We detected a significant T2D-GRS and fruit intake interaction in the risk of T2D (P for interaction = 0.03 in Model 1 and 0.04 in Model 2). The ORs of diabetes for each 1-point increase in T2D-GRS were attenuating progressively as the fruit intake levels ascended. Specifically, in Model 1, the OR of diabetes was 1.10 (CI 1.07–1.13) in the first fruit intake level (< 1 times/week), 1.07 (CI 1.05–1.10) in the second level (1–3/week), and 1.07 (CI 1.05–1.08) in the third level (> 3 times/week); in Model 2, the corresponding value was 1.10 (CI 1.07–1.13), 1.08 (CI 1.05–1.10), and 1.07 (CI 1.05–1.08) (Fig. 1).
Fig. 1.
Association of T2D-GRS with risk of T2D stratified by different fruit intake levels. The odds ratios [OR, 95% confidence intervals (CI)] under each fruit intake levels were derived from multiple logistic regression models using the T2D-GRS and covariates as independent variables; the P for interaction values were calculated using the T2D-GRS, fruit intake level, T2D-GRS × fruit intake level, and covariates together as independent variables. The shown data were after adjustments for age, gender, BMI, SBP, DBP, Log-TG, TC, LDL-C, HDL-C, smoking, drinking, physical activity and principle components of dietary factors
Table 1 shows the association of fruit intake with the risk of diabetes stratified by T2D-GRS tertiles. Higher fruit intake was significantly associated with a lower risk of T2D; and such effect was increasingly sharper as the tertile ascended (P for interaction ≤ 0.04). In the full adjusted model (Model 2), for participants in the lowest tertile of T2D-GRS, > 3 times/week fruit intake was associated with about 56% lower risk of T2D (OR = 0.44, 95% CI 0.35, 0.56) as compared to < 1 times/week (P < 0.0001); the corresponding ORs were 0.40 (0.33–0.50) in participants at tertile 2 of T2D-GRS and decreased to 0.34 (0.27–0.41) in those at tertile 3 of T2D-GRS (both P < 0.0001) (P for interaction = 0.04).
Table 1.
The risk of T2D presence associated with fruit intake stratified by T2D-GRS tertiles
| Fruit intake Levels | T2D-GRS | P for Interaction | ||||||
|---|---|---|---|---|---|---|---|---|
| Tertile 1 (n = 3885) | Tertile 2 (n = 3885) | Tertile 3 (n = 3887) | ||||||
| OR (95% CI) | P value | OR (95% CI) | P value | OR (95% CI) | P value | |||
| Model 1 | < 1 times/week | 1.00 | 1.00 | 1.00 | 0.03* | |||
| 1–3 times/week | 0.69 (0.55, 0.86) | 0.61 | 0.58 (0.47, 0.72) | 0.03* | 0.57 (0.46, 0.69) | 0.15 | ||
| > 3 times/week | 0.52 (0.42, 0.64) | < 0.0001† | 0.49 (0.41, 0.59) | < 0.0001† | 0.41 (0.34, 0.49) | < 0.0001† | ||
| Model 2 | < 1 times/week | 1.00 | 1.00 | 1.00 | 0.04* | |||
| 1–3 times/week | 0.60 (0.46, 0.76) | 0.26 | 0.48 (0.38, 0.60) | 0.003† | 0.49 (0.40, 0.61) | 0.06 | ||
| > 3 times/week | 0.44 (0.35, 0.56) | < 0.0001† | 0.40 (0.33, 0.50) | < 0.0001† | 0.34 (0.27, 0.41) | < 0.0001† | ||
Data are odds ratios (ORs) and 95% confidence intervals (CI). P values under each T2D-GRS tertiles were derived from multiple logistic regressions using the fruit intake level and covariates as independent variables. P for interaction values were calculated using the T2D-GRS tertile, fruit intake level, T2D-GRS × fruit intake level, and covariates together as independent variables.
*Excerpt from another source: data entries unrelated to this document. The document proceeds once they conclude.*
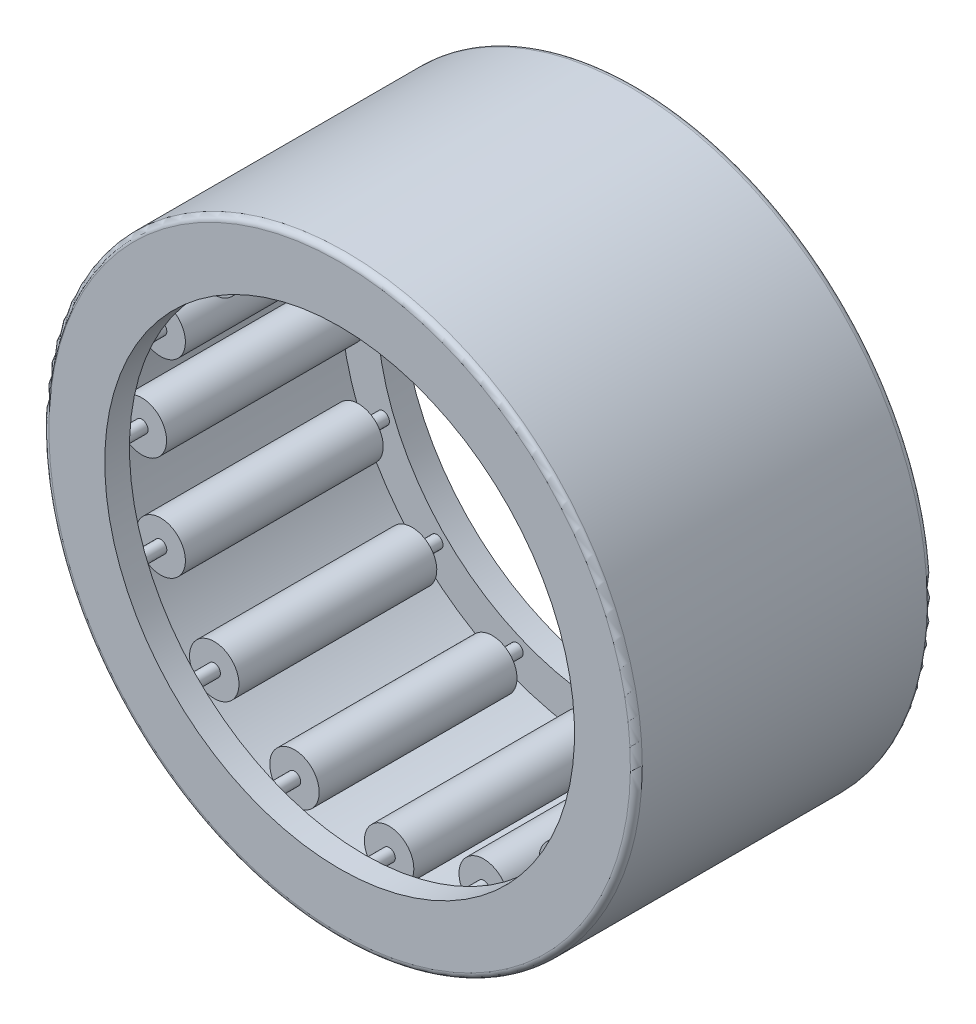
from build123d import *

# Parameters (mm, degrees)
SKETCH2_W         = 8.466666666
SKETCH2_H         = 0.79375
SKETCH3_W         = 10.583333334
SKETCH3_H         = 0.264583334
CIRPATTERN1_COUNT = 16
CIRPATTERN1_ANGLE = 337.5
FILLET1_R         = 0.254


with BuildPart() as part:
    # Sketch1 → Revolve1 (revolve)
    with BuildSketch(Plane(origin=(0, 0, 0), x_dir=(0, 0, -1), z_dir=(1, 0, 0))):
        Polygon((-6.35, 12.7), (6.35, 12.7), (6.35, 10.054166667), (5.291666667, 10.054166667), (5.291666667, 11.641666667), (-5.291666667, 11.641666667), (-5.291666667, 10.054166667), (-6.35, 10.054166667), align=None)
    revolve(axis=Axis((0, 0, 6.35), (0, 0, -1)))

    # Fillet1
    fillet1_edges = [part.edges().sort_by_distance(p)[0] for p in [
        (0, -12.7, 6.35),
        (0, -12.7, -6.35),
    ]]
    fillet(fillet1_edges, radius=FILLET1_R)


with BuildPart() as body_2:
    # Sketch2 → Revolve2 (revolve)
    with BuildSketch(Plane(origin=(0, 0, 0), x_dir=(0, 0, -1), z_dir=(1, 0, 0))):
        with Locations((0, 11.244791667)):
            Rectangle(SKETCH2_W, SKETCH2_H)
    revolve(axis=Axis((0, 10.583333333, 4.233333333), (0, 0, -1)))


with BuildPart() as body_3:
    # Sketch3 → Revolve3 (revolve)
    with BuildSketch(Plane(origin=(0, 0, 0), x_dir=(0, 0, -1), z_dir=(1, 0, 0))):
        with Locations((0, 10.715625)):
            Rectangle(SKETCH3_W, SKETCH3_H)
    revolve(axis=Axis((0, 10.583333333, 5.291666667), (0, 0, -1)))


with BuildPart() as cirpattern1_1:
    # CirPattern1: pattern copy
    add(body_2.part.rotate(Axis((0, 0, -6.35), (0, 0, 1)), 1 * CIRPATTERN1_ANGLE / (CIRPATTERN1_COUNT - 1)))


with BuildPart() as cirpattern1_2:
    # CirPattern1: pattern copy
    add(body_2.part.rotate(Axis((0, 0, -6.35), (0, 0, 1)), 2 * CIRPATTERN1_ANGLE / (CIRPATTERN1_COUNT - 1)))


with BuildPart() as cirpattern1_3:
    # CirPattern1: pattern copy
    add(body_2.part.rotate(Axis((0, 0, -6.35), (0, 0, 1)), 3 * CIRPATTERN1_ANGLE / (CIRPATTERN1_COUNT - 1)))


with BuildPart() as cirpattern1_4:
    # CirPattern1: pattern copy
    add(body_2.part.rotate(Axis((0, 0, -6.35), (0, 0, 1)), 4 * CIRPATTERN1_ANGLE / (CIRPATTERN1_COUNT - 1)))


with BuildPart() as cirpattern1_5:
    # CirPattern1: pattern copy
    add(body_2.part.rotate(Axis((0, 0, -6.35), (0, 0, 1)), 5 * CIRPATTERN1_ANGLE / (CIRPATTERN1_COUNT - 1)))


with BuildPart() as cirpattern1_6:
    # CirPattern1: pattern copy
    add(body_2.part.rotate(Axis((0, 0, -6.35), (0, 0, 1)), 6 * CIRPATTERN1_ANGLE / (CIRPATTERN1_COUNT - 1)))


with BuildPart() as cirpattern1_7:
    # CirPattern1: pattern copy
    add(body_2.part.rotate(Axis((0, 0, -6.35), (0, 0, 1)), 7 * CIRPATTERN1_ANGLE / (CIRPATTERN1_COUNT - 1)))


with BuildPart() as cirpattern1_8:
    # CirPattern1: pattern copy
    add(body_2.part.rotate(Axis((0, 0, -6.35), (0, 0, 1)), 8 * CIRPATTERN1_ANGLE / (CIRPATTERN1_COUNT - 1)))


with BuildPart() as cirpattern1_9:
    # CirPattern1: pattern copy
    add(body_2.part.rotate(Axis((0, 0, -6.35), (0, 0, 1)), 9 * CIRPATTERN1_ANGLE / (CIRPATTERN1_COUNT - 1)))


with BuildPart() as cirpattern1_10:
    # CirPattern1: pattern copy
    add(body_2.part.rotate(Axis((0, 0, -6.35), (0, 0, 1)), 10 * CIRPATTERN1_ANGLE / (CIRPATTERN1_COUNT - 1)))


with BuildPart() as cirpattern1_11:
    # CirPattern1: pattern copy
    add(body_2.part.rotate(Axis((0, 0, -6.35), (0, 0, 1)), 11 * CIRPATTERN1_ANGLE / (CIRPATTERN1_COUNT - 1)))


with BuildPart() as cirpattern1_12:
    # CirPattern1: pattern copy
    add(body_2.part.rotate(Axis((0, 0, -6.35), (0, 0, 1)), 12 * CIRPATTERN1_ANGLE / (CIRPATTERN1_COUNT - 1)))


with BuildPart() as cirpattern1_13:
    # CirPattern1: pattern copy
    add(body_2.part.rotate(Axis((0, 0, -6.35), (0, 0, 1)), 13 * CIRPATTERN1_ANGLE / (CIRPATTERN1_COUNT - 1)))


with BuildPart() as cirpattern1_14:
    # CirPattern1: pattern copy
    add(body_2.part.rotate(Axis((0, 0, -6.35), (0, 0, 1)), 14 * CIRPATTERN1_ANGLE / (CIRPATTERN1_COUNT - 1)))


with BuildPart() as cirpattern1_15:
    # CirPattern1: pattern copy
    add(body_2.part.rotate(Axis((0, 0, -6.35), (0, 0, 1)), 15 * CIRPATTERN1_ANGLE / (CIRPATTERN1_COUNT - 1)))


with BuildPart() as cirpattern1_16:
    # CirPattern1: pattern copy
    add(body_3.part.rotate(Axis((0, 0, -6.35), (0, 0, 1)), 1 * CIRPATTERN1_ANGLE / (CIRPATTERN1_COUNT - 1)))


with BuildPart() as cirpattern1_17:
    # CirPattern1: pattern copy
    add(body_3.part.rotate(Axis((0, 0, -6.35), (0, 0, 1)), 2 * CIRPATTERN1_ANGLE / (CIRPATTERN1_COUNT - 1)))


with BuildPart() as cirpattern1_18:
    # CirPattern1: pattern copy
    add(body_3.part.rotate(Axis((0, 0, -6.35), (0, 0, 1)), 3 * CIRPATTERN1_ANGLE / (CIRPATTERN1_COUNT - 1)))


with BuildPart() as cirpattern1_19:
    # CirPattern1: pattern copy
    add(body_3.part.rotate(Axis((0, 0, -6.35), (0, 0, 1)), 4 * CIRPATTERN1_ANGLE / (CIRPATTERN1_COUNT - 1)))


with BuildPart() as cirpattern1_20:
    # CirPattern1: pattern copy
    add(body_3.part.rotate(Axis((0, 0, -6.35), (0, 0, 1)), 5 * CIRPATTERN1_ANGLE / (CIRPATTERN1_COUNT - 1)))


with BuildPart() as cirpattern1_21:
    # CirPattern1: pattern copy
    add(body_3.part.rotate(Axis((0, 0, -6.35), (0, 0, 1)), 6 * CIRPATTERN1_ANGLE / (CIRPATTERN1_COUNT - 1)))


with BuildPart() as cirpattern1_22:
    # CirPattern1: pattern copy
    add(body_3.part.rotate(Axis((0, 0, -6.35), (0, 0, 1)), 7 * CIRPATTERN1_ANGLE / (CIRPATTERN1_COUNT - 1)))


with BuildPart() as cirpattern1_23:
    # CirPattern1: pattern copy
    add(body_3.part.rotate(Axis((0, 0, -6.35), (0, 0, 1)), 8 * CIRPATTERN1_ANGLE / (CIRPATTERN1_COUNT - 1)))


with BuildPart() as cirpattern1_24:
    # CirPattern1: pattern copy
    add(body_3.part.rotate(Axis((0, 0, -6.35), (0, 0, 1)), 9 * CIRPATTERN1_ANGLE / (CIRPATTERN1_COUNT - 1)))


with BuildPart() as cirpattern1_25:
    # CirPattern1: pattern copy
    add(body_3.part.rotate(Axis((0, 0, -6.35), (0, 0, 1)), 10 * CIRPATTERN1_ANGLE / (CIRPATTERN1_COUNT - 1)))


with BuildPart() as cirpattern1_26:
    # CirPattern1: pattern copy
    add(body_3.part.rotate(Axis((0, 0, -6.35), (0, 0, 1)), 11 * CIRPATTERN1_ANGLE / (CIRPATTERN1_COUNT - 1)))


with BuildPart() as cirpattern1_27:
    # CirPattern1: pattern copy
    add(body_3.part.rotate(Axis((0, 0, -6.35), (0, 0, 1)), 12 * CIRPATTERN1_ANGLE / (CIRPATTERN1_COUNT - 1)))


with BuildPart() as cirpattern1_28:
    # CirPattern1: pattern copy
    add(body_3.part.rotate(Axis((0, 0, -6.35), (0, 0, 1)), 13 * CIRPATTERN1_ANGLE / (CIRPATTERN1_COUNT - 1)))


with BuildPart() as cirpattern1_29:
    # CirPattern1: pattern copy
    add(body_3.part.rotate(Axis((0, 0, -6.35), (0, 0, 1)), 14 * CIRPATTERN1_ANGLE / (CIRPATTERN1_COUNT - 1)))


with BuildPart() as cirpattern1_30:
    # CirPattern1: pattern copy
    add(body_3.part.rotate(Axis((0, 0, -6.35), (0, 0, 1)), 15 * CIRPATTERN1_ANGLE / (CIRPATTERN1_COUNT - 1)))


solid = Compound([part.part, body_2.part, body_3.part, cirpattern1_1.part, cirpattern1_2.part, cirpattern1_3.part, cirpattern1_4.part, cirpattern1_5.part, cirpattern1_6.part, cirpattern1_7.part, cirpattern1_8.part, cirpattern1_9.part, cirpattern1_10.part, cirpattern1_11.part, cirpattern1_12.part, cirpattern1_13.part, cirpattern1_14.part, cirpattern1_15.part, cirpattern1_16.part, cirpattern1_17.part, cirpattern1_18.part, cirpattern1_19.part, cirpattern1_20.part, cirpattern1_21.part, cirpattern1_22.part, cirpattern1_23.part, cirpattern1_24.part, cirpattern1_25.part, cirpattern1_26.part, cirpattern1_27.part, cirpattern1_28.part, cirpattern1_29.part, cirpattern1_30.part])
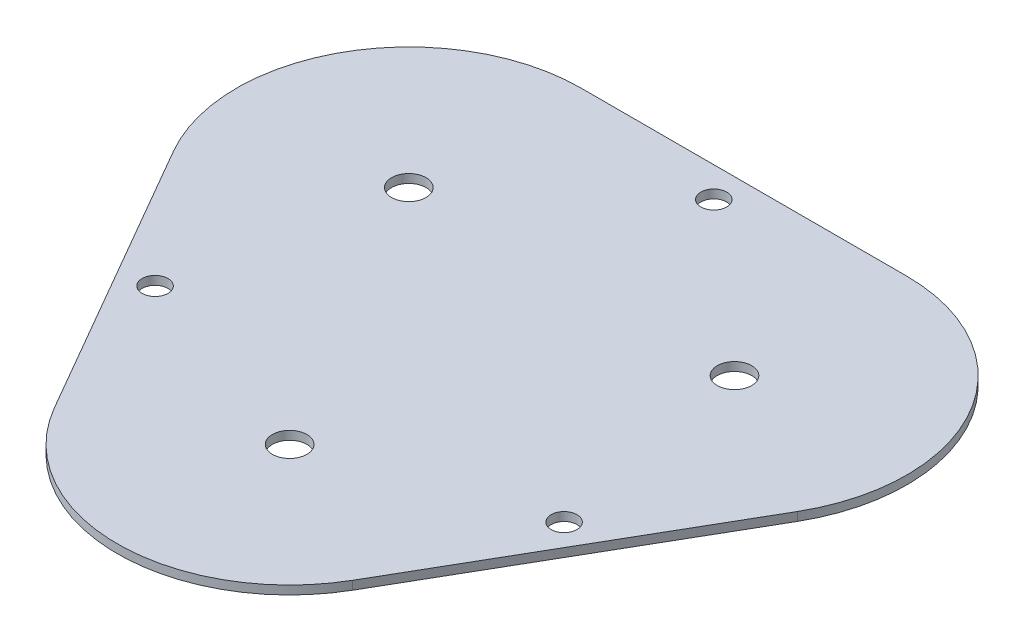
from build123d import *

# Parameters (mm, degrees)
SKETCH1_R           = 2
SKETCH1_R_2         = 1.5
BOSS_EXTRUDE1_DEPTH = 1
SKETCH2_W           = 5
SKETCH2_H           = 3
BOSS_EXTRUDE2_DEPTH = 4


with BuildPart() as part:
    # Sketch1 → Boss-Extrude1 (new body)
    with BuildSketch(Plane(origin=(0, 0, 0), x_dir=(1, 0, 0), z_dir=(0, 1, 0))):
        with BuildLine():
            Line((36.224008076, 0.913940814), (17.320508076, -31.827881627))
            ThreePointArc((17.320508076, -31.827881627), (0, -41.827881627), (-17.320508076, -31.827881627))
            Line((-17.320508076, -31.827881627), (-36.224008076, 0.913940814))
            ThreePointArc((-36.224008076, 0.913940814), (-36.224008076, 20.913940814), (-18.9035, 30.913940814))
            Line((-18.9035, 30.913940814), (18.9035, 30.913940814))
            ThreePointArc((18.9035, 30.913940814), (36.224008076, 20.913940814), (36.224008076, 0.913940814))
        make_face()
        with Locations((-18.9035, 10.913940814)):
            Circle(SKETCH1_R, mode=Mode.SUBTRACT)
        with Locations((18.9035, 10.913940814)):
            Circle(SKETCH1_R, mode=Mode.SUBTRACT)
        with Locations((0, -21.827881627)):
            Circle(SKETCH1_R, mode=Mode.SUBTRACT)
        with Locations((-23.741169162, -13.706970407)):
            Circle(SKETCH1_R_2, mode=Mode.SUBTRACT)
        with Locations((23.741169162, -13.706970407)):
            Circle(SKETCH1_R_2, mode=Mode.SUBTRACT)
        with Locations((0, 27.413940814)):
            Circle(SKETCH1_R_2, mode=Mode.SUBTRACT)
    extrude(amount=BOSS_EXTRUDE1_DEPTH)

    # Sketch2 → Boss-Extrude2 (add)
    with BuildSketch(Plane.XZ):
        Rectangle(SKETCH2_W, SKETCH2_H)
    extrude(amount=BOSS_EXTRUDE2_DEPTH)


solid = part.part
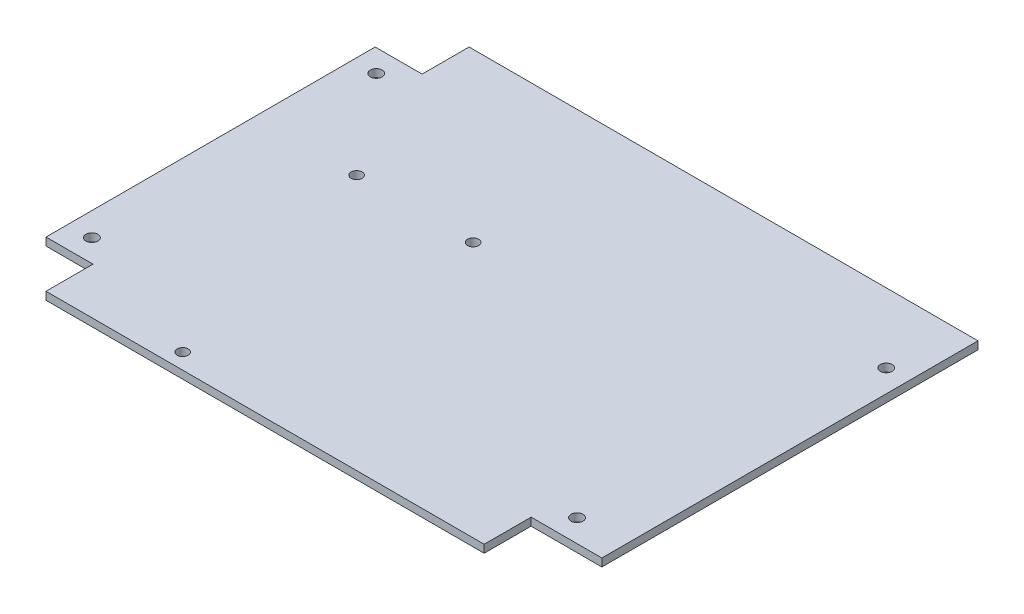
from build123d import *

# Parameters (mm, degrees)
SKETCH1_W             = 225.5266
SKETCH1_H             = 171.6532
BOSS_EXTRUDE1_DEPTH   = 3.175
SKETCH2_W             = 19.05
SKETCH2_H             = 19.05
SKETCH2_W_2           = 28.702
CORNERCUT_DEPTH       = 4.175
SKETCH3_R             = 2.4257
MOUNTHOLES_DEPTH      = 4.175
F_8_CLEARANCE_HOLE1_D = 4.4958


with BuildPart() as part:
    # Sketch1 → Boss-Extrude1 (new body)
    with BuildSketch(Plane(origin=(0, 0, 0), x_dir=(1, 0, 0), z_dir=(0, 1, 0))):
        Rectangle(SKETCH1_W, SKETCH1_H)
    extrude(amount=BOSS_EXTRUDE1_DEPTH)

    # Sketch2 → CornerCut (cut, through all)
    with BuildSketch(Plane(origin=(0, 3.175, 0), x_dir=(1, 0, 0), z_dir=(0, 1, 0))):
        with Locations((-103.2383, 76.3016)):
            Rectangle(SKETCH2_W, SKETCH2_H)
        with Locations((98.4123, -76.3016)):
            Rectangle(SKETCH2_W_2, SKETCH2_H)
        with Locations((-103.2383, -76.3016)):
            Rectangle(SKETCH2_W, SKETCH2_H)
    extrude(amount=-CORNERCUT_DEPTH, mode=Mode.SUBTRACT)

    # Sketch3 → MountHoles (cut, through all)
    with BuildSketch(Plane(origin=(0, 3.175, 0), x_dir=(1, 0, 0), z_dir=(0, 1, 0))):
        with Locations((-103.2383, 57.6834)):
            Circle(SKETCH3_R)
        with Locations((-103.2383, -57.6834)):
            Circle(SKETCH3_R)
        with Locations((93.5863, -57.6834)):
            Circle(SKETCH3_R)
        with Locations((103.6701, 57.6834)):
            Circle(SKETCH3_R)
    extrude(amount=-MOUNTHOLES_DEPTH, mode=Mode.SUBTRACT)

    # #8 Clearance Hole1 (through all)
    with Locations(Plane(origin=(0, 3.175, 0), x_dir=(1, 0, 0), z_dir=(0, 1, 0))):
        with Locations((-44.629848387, -79.4766), (-24.2443, 17.982191502), (-71.4883, 17.982191502)):
            Hole(F_8_CLEARANCE_HOLE1_D / 2)


solid = part.part
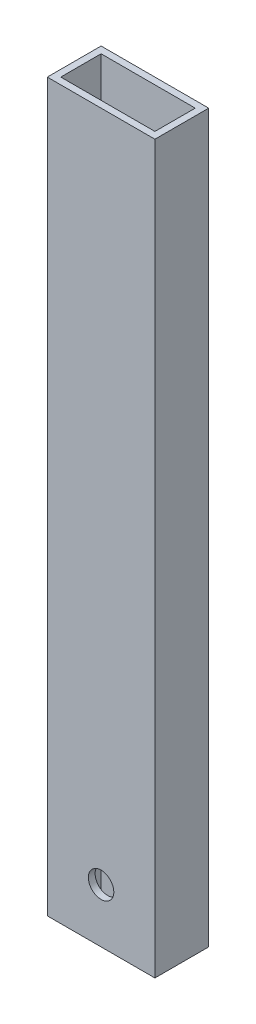
from build123d import *

# Parameters (mm, degrees)
SKETCH2_W            = 50.8
SKETCH2_H            = 25.4
SKETCH2_W_2          = 44.45
SKETCH2_H_2          = 19.05
EXTRUDE_THIN1_DEPTH  = 355.6
SKETCH25_W           = 50.8
SKETCH25_H           = 25.4
SKETCH25_W_2         = 44.45
SKETCH25_H_2         = 19.05
BOSS_EXTRUDE14_DEPTH = 25.4
CUT_EXTRUDE9_START   = -25.4
SKETCH28_R           = 6
CUT_EXTRUDE9_DEPTH   = 25.4
SKETCH30_W           = 50.8
SKETCH30_H           = 25.4
CUT_EXTRUDE11_DEPTH  = 38.1


with BuildPart() as part:
    # Sketch2 → Extrude-Thin1 (new body)
    with BuildSketch(Plane(origin=(0, 0, 0), x_dir=(1, 0, 0), z_dir=(0, 1, 0))):
        with Locations((10.213756614, 0.671957672)):
            Rectangle(SKETCH2_W, SKETCH2_H)
        with Locations((10.213756614, 0.671957672)):
            Rectangle(SKETCH2_W_2, SKETCH2_H_2, mode=Mode.SUBTRACT)
    extrude(amount=EXTRUDE_THIN1_DEPTH)

    # Sketch25 → Boss-Extrude14 (add)
    with BuildSketch(Plane.XZ):
        with Locations((10.213756614, -0.671957672)):
            Rectangle(SKETCH25_W, SKETCH25_H)
        with Locations((10.213756614, -0.671957672)):
            Rectangle(SKETCH25_W_2, SKETCH25_H_2, mode=Mode.SUBTRACT)
    extrude(amount=BOSS_EXTRUDE14_DEPTH)

    # Sketch28 → Cut-Extrude9 (cut)
    with BuildSketch(Plane(origin=(0, 0, -13.371957672), x_dir=(-1, 0, 0), z_dir=(0, 0, -1)).offset(CUT_EXTRUDE9_START)):
        with Locations((-10.213756614, 0)):
            Circle(SKETCH28_R)
    extrude(amount=CUT_EXTRUDE9_DEPTH, mode=Mode.SUBTRACT)

    # Sketch30 → Cut-Extrude11 (cut)
    with BuildSketch(Plane(origin=(0, 355.6, 0), x_dir=(1, 0, 0), z_dir=(0, 1, 0))):
        with Locations((10.213756614, 0.671957672)):
            Rectangle(SKETCH30_W, SKETCH30_H)
    extrude(amount=-CUT_EXTRUDE11_DEPTH, mode=Mode.SUBTRACT)


solid = part.part
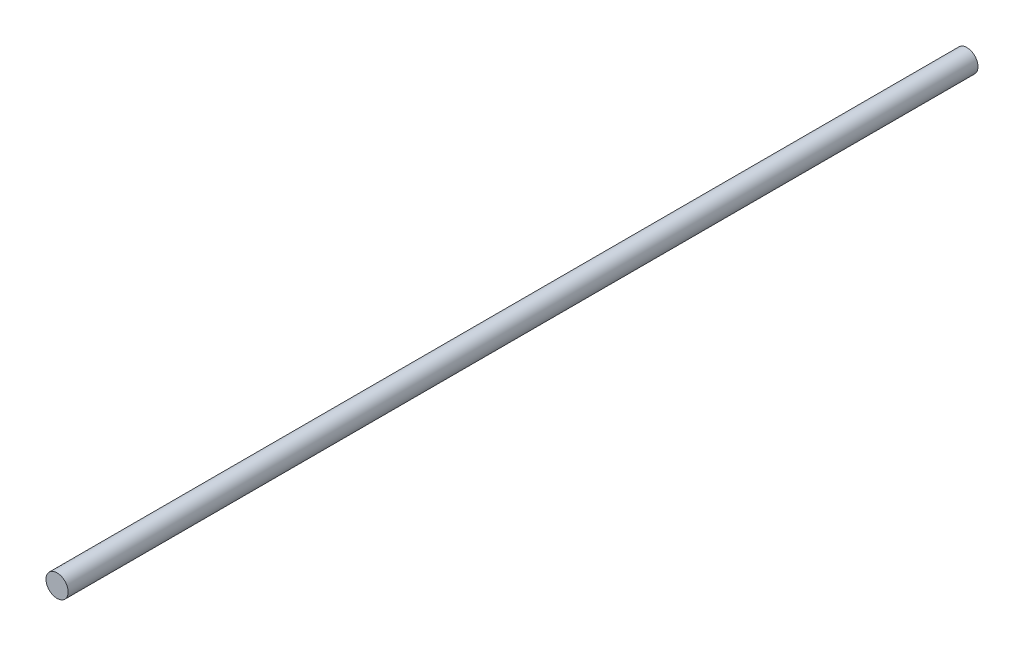
from build123d import *

# Parameters (mm, degrees)
SKETCH1_R           = 5
BOSS_EXTRUDE1_DEPTH = 205


with BuildPart() as part:
    # Sketch1 → Boss-Extrude1 (new body, symmetric)
    with BuildSketch(Plane.XY):
        Circle(SKETCH1_R)
    extrude(amount=BOSS_EXTRUDE1_DEPTH, both=True)


solid = part.part

Model 1 adjusted for age, gender, and body mass index; Model 2 additionally adjusted for systolic and diastolic blood pressure, log transformed triglyceride, total cholesterol, low- and high-density lipoprotein cholesterol, smoking, drinking, physical activity and principal components of dietary factors. *P < 0.05; †P < 0.01
Although the P for interaction of the sensitivity analyses using subpopulations with no self-awareness of T2D (P = 0.34) or no dietary interventions for T2D (P = 0.10) failed to pass the significant threshold given the loss of sample size, the trends of variation from the lower to the higher strata were in highly consistent with the analysis outcome in the integral population (Supplemental Tables 3, 4).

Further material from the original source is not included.